## Task to carry out
Copies of all lines that contain "blocks" are needed; take them from the data below.

Segment Start: Recorded information

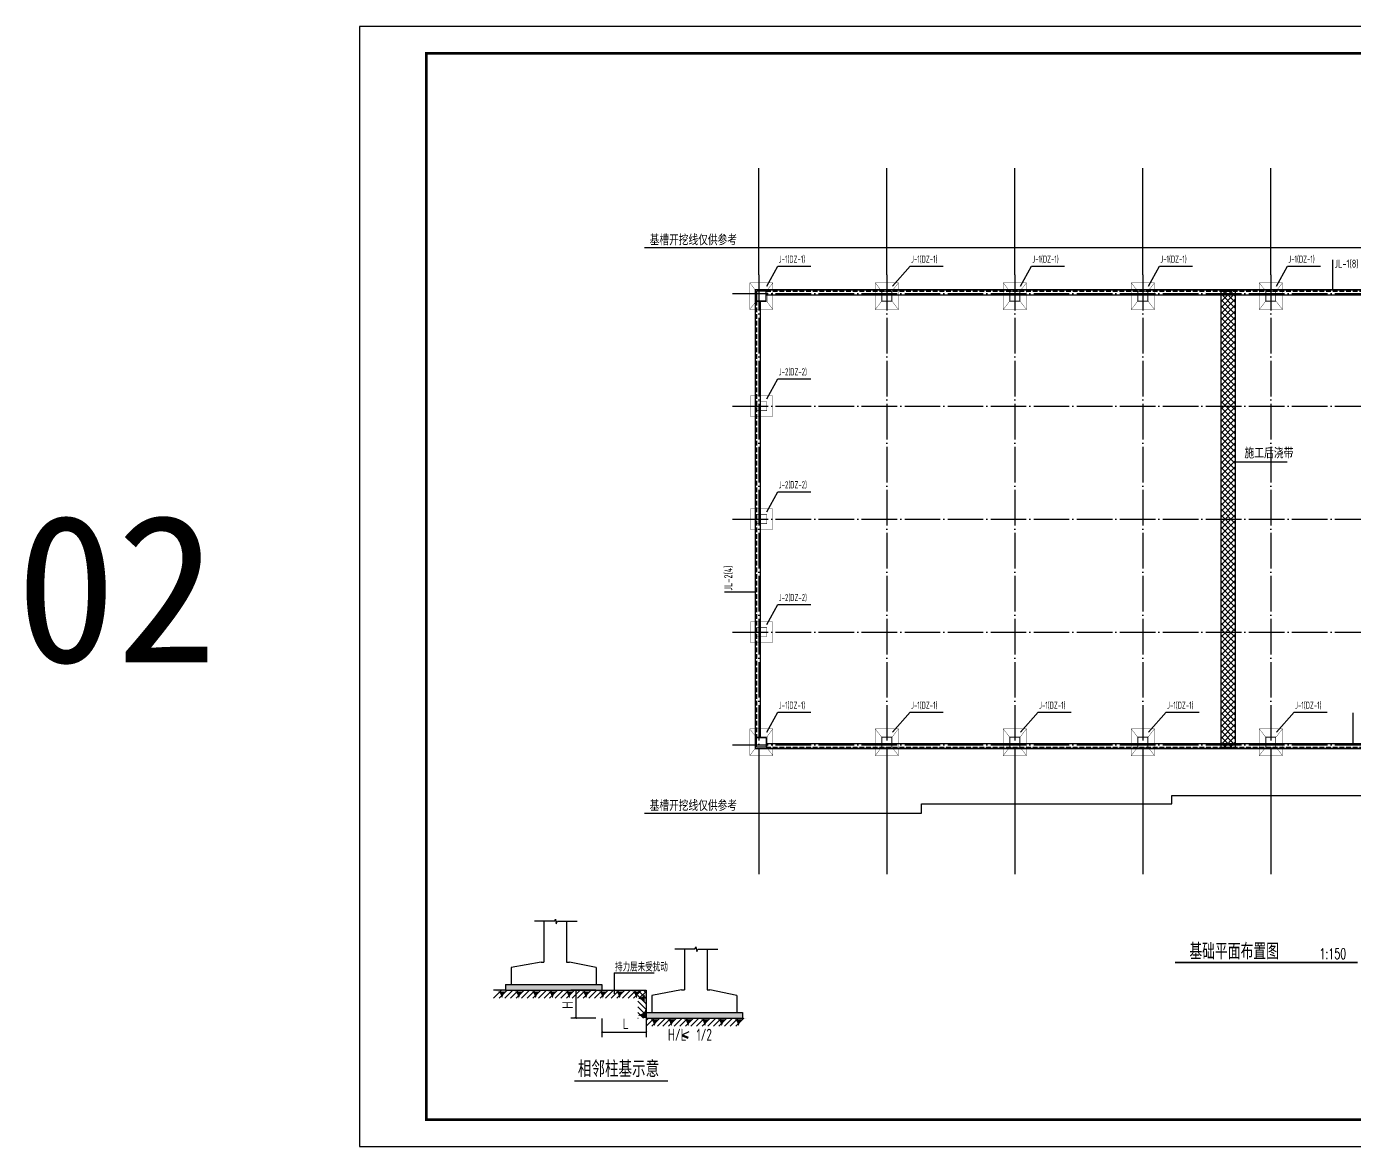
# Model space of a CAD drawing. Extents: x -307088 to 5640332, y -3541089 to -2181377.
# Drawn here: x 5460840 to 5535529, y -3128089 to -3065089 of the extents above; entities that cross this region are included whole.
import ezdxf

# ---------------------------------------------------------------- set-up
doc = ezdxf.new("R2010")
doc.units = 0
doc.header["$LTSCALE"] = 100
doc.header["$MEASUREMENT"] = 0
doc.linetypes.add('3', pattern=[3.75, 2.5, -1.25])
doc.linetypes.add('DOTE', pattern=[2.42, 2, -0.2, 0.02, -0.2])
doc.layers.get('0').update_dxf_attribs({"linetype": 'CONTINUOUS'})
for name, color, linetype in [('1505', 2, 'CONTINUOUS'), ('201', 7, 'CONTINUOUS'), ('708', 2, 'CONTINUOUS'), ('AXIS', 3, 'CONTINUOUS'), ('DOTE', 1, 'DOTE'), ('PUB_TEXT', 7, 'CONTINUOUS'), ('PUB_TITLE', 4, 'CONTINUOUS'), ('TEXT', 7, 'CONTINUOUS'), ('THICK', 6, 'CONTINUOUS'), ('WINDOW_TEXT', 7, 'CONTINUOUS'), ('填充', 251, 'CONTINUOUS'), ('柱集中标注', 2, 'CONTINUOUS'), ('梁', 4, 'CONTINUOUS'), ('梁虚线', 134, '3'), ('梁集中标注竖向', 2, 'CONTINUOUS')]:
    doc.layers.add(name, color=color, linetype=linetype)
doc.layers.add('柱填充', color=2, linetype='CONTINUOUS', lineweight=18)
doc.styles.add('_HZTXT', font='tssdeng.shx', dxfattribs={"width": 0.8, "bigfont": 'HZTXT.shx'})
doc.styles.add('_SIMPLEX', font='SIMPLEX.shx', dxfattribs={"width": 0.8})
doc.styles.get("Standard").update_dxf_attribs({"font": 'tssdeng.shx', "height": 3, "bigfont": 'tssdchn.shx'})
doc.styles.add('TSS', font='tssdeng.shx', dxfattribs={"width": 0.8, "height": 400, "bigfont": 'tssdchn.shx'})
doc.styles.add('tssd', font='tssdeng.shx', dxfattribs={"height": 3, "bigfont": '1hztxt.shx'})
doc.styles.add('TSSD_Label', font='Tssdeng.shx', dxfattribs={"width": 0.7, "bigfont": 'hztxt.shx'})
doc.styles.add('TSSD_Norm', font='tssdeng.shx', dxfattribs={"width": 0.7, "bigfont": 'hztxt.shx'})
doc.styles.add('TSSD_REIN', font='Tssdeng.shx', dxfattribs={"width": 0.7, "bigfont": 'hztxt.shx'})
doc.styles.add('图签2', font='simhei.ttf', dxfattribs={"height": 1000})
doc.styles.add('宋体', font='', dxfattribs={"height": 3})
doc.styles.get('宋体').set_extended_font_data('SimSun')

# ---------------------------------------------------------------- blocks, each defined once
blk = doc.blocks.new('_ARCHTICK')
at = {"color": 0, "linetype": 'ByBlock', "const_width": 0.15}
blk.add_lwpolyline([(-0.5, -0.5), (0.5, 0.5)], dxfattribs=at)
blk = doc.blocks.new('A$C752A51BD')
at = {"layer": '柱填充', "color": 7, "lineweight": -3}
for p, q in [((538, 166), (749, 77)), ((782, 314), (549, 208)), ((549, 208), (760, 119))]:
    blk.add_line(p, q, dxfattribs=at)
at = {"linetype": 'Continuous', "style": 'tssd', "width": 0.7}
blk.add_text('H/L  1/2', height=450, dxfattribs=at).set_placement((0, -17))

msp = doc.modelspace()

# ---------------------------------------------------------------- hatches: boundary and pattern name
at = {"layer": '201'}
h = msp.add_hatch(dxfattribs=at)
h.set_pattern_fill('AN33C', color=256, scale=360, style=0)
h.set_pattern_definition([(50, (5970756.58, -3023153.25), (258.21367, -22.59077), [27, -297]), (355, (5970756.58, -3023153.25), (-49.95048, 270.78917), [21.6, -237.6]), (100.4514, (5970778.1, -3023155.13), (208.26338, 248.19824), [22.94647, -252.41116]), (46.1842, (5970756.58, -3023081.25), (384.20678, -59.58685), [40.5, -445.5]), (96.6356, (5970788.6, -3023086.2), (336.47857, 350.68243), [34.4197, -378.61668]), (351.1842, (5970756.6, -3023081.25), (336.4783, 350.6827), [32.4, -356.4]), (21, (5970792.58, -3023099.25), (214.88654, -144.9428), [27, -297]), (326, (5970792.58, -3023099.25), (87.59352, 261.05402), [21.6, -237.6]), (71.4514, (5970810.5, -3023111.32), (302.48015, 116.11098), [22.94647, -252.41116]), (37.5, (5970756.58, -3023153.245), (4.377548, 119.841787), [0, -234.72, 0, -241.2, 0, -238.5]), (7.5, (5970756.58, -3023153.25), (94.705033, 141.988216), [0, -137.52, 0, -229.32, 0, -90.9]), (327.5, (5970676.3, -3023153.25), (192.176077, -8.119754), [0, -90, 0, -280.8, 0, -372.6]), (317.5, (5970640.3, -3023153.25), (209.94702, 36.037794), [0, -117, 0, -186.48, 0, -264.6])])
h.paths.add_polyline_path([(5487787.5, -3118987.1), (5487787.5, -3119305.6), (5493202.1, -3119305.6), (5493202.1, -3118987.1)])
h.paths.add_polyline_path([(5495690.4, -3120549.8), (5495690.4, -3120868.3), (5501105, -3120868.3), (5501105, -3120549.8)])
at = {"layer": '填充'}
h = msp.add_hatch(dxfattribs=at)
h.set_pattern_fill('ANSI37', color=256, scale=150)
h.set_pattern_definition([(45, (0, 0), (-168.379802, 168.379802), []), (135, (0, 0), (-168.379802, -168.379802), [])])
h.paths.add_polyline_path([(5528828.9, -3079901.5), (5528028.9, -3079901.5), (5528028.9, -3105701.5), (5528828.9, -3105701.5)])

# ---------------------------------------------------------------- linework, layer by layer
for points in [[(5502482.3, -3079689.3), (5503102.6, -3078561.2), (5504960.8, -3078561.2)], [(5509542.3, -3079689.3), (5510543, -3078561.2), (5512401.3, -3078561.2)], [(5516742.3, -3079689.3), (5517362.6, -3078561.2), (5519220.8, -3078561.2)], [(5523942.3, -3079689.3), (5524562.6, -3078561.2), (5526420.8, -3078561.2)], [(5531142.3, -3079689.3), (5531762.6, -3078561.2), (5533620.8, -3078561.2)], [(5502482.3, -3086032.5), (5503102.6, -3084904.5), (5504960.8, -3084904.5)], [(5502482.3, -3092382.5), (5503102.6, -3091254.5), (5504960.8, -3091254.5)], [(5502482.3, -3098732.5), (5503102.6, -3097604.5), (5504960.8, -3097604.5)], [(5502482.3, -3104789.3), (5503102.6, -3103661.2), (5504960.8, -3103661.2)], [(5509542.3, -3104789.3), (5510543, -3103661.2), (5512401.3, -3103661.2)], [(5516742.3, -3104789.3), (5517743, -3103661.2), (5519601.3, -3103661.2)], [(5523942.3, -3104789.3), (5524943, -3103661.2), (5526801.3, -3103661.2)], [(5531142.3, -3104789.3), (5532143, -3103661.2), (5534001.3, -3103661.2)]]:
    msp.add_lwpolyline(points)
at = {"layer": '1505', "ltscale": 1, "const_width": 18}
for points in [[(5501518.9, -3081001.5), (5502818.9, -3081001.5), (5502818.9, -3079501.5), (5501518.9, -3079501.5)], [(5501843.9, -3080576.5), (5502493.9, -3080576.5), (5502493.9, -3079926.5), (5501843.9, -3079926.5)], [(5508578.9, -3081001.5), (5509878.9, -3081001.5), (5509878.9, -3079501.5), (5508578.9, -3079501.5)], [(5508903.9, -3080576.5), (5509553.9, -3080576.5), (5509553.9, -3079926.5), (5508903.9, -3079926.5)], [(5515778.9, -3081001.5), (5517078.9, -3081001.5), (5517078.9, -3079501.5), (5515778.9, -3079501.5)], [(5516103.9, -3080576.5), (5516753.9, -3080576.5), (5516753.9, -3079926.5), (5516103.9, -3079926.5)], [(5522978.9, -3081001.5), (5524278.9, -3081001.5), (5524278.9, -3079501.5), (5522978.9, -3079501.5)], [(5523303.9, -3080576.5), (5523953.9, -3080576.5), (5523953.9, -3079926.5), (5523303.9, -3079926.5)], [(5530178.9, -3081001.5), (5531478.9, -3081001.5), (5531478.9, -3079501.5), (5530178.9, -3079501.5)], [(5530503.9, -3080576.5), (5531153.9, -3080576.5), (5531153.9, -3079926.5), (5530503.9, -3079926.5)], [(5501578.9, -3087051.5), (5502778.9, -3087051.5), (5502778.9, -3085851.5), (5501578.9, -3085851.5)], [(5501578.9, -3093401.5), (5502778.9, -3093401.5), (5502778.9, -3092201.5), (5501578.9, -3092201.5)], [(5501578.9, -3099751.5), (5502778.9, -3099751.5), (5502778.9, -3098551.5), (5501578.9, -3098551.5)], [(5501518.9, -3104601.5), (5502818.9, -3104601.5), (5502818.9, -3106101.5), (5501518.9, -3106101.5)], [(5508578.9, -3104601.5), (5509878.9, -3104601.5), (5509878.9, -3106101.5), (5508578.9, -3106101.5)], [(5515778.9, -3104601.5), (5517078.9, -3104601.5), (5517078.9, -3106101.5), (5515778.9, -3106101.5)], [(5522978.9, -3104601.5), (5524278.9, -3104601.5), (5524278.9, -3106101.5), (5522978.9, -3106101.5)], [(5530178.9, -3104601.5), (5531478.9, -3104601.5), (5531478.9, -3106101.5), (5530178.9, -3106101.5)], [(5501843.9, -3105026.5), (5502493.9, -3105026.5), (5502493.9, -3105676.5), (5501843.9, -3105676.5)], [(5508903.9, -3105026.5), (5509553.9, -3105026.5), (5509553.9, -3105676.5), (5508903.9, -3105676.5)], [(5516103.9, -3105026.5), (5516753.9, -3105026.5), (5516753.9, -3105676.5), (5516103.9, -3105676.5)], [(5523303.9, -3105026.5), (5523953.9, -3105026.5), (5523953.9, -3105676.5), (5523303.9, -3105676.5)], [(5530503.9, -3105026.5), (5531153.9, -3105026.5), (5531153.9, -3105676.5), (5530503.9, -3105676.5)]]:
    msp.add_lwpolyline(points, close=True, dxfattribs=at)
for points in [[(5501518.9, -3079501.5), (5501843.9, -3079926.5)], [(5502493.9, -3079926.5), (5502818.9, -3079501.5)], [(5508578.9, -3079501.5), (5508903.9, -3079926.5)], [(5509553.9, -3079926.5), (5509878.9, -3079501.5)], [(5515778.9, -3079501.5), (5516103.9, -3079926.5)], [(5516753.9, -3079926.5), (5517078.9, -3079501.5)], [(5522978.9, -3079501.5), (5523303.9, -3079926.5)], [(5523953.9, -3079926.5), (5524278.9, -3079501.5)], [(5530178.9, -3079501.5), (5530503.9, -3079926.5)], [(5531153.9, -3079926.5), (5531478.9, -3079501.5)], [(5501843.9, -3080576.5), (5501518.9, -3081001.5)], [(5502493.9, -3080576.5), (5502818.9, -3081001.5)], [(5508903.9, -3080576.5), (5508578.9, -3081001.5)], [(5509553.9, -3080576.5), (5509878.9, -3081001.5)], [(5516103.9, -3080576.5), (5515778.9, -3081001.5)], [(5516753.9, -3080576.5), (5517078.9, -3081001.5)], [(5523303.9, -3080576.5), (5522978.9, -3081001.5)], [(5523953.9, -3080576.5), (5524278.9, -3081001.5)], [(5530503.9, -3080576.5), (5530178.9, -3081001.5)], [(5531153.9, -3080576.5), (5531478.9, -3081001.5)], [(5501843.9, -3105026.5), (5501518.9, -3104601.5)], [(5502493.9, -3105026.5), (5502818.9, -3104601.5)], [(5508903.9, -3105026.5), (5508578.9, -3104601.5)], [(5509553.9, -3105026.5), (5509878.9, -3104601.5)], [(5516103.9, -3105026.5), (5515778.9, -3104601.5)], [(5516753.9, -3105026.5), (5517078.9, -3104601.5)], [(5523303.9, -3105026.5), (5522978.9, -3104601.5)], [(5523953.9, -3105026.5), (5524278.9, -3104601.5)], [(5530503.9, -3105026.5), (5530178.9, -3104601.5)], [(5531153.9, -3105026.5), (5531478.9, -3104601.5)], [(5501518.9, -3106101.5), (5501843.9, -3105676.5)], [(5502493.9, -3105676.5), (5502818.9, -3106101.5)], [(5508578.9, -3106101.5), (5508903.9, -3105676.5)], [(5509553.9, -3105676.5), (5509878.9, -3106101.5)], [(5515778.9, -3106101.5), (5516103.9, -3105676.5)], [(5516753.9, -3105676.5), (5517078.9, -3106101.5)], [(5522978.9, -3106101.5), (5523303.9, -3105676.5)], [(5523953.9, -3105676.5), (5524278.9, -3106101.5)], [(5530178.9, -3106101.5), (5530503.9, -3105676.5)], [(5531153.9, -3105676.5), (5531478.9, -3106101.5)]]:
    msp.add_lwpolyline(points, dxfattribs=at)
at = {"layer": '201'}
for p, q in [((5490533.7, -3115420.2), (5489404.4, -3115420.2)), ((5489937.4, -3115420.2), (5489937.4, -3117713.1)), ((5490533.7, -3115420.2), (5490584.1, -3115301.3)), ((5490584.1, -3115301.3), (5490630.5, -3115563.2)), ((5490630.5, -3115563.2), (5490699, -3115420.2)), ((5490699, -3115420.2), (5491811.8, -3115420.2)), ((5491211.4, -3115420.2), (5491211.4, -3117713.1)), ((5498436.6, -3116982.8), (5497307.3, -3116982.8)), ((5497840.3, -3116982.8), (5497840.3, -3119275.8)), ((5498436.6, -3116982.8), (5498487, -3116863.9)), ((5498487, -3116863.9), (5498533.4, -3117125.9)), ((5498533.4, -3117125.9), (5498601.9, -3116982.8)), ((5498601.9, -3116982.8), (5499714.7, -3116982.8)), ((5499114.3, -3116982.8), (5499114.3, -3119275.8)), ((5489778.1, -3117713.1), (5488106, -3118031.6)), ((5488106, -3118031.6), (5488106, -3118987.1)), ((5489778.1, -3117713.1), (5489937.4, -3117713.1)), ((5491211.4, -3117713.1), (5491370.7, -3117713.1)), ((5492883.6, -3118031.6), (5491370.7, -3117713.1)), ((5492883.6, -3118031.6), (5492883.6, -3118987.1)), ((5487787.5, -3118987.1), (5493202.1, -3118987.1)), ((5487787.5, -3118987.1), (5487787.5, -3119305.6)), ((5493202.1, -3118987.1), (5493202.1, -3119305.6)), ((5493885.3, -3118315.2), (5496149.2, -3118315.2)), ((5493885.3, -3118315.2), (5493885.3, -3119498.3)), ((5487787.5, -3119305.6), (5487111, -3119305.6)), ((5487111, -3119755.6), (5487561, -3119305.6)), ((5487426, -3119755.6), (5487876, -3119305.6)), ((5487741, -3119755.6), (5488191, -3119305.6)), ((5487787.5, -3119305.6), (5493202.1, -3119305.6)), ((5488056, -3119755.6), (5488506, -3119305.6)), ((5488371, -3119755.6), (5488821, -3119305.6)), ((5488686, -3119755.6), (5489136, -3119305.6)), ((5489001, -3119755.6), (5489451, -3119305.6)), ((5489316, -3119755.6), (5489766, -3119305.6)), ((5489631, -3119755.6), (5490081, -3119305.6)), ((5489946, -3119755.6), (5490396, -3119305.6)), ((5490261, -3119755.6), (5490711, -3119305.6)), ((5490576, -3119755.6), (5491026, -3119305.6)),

Segment End: Recorded information

## Answer area
# ---------------------------------------------------------------- blocks, each defined once
blk = doc.blocks.new('_ARCHTICK')
blk = doc.blocks.new('A$C752A51BD')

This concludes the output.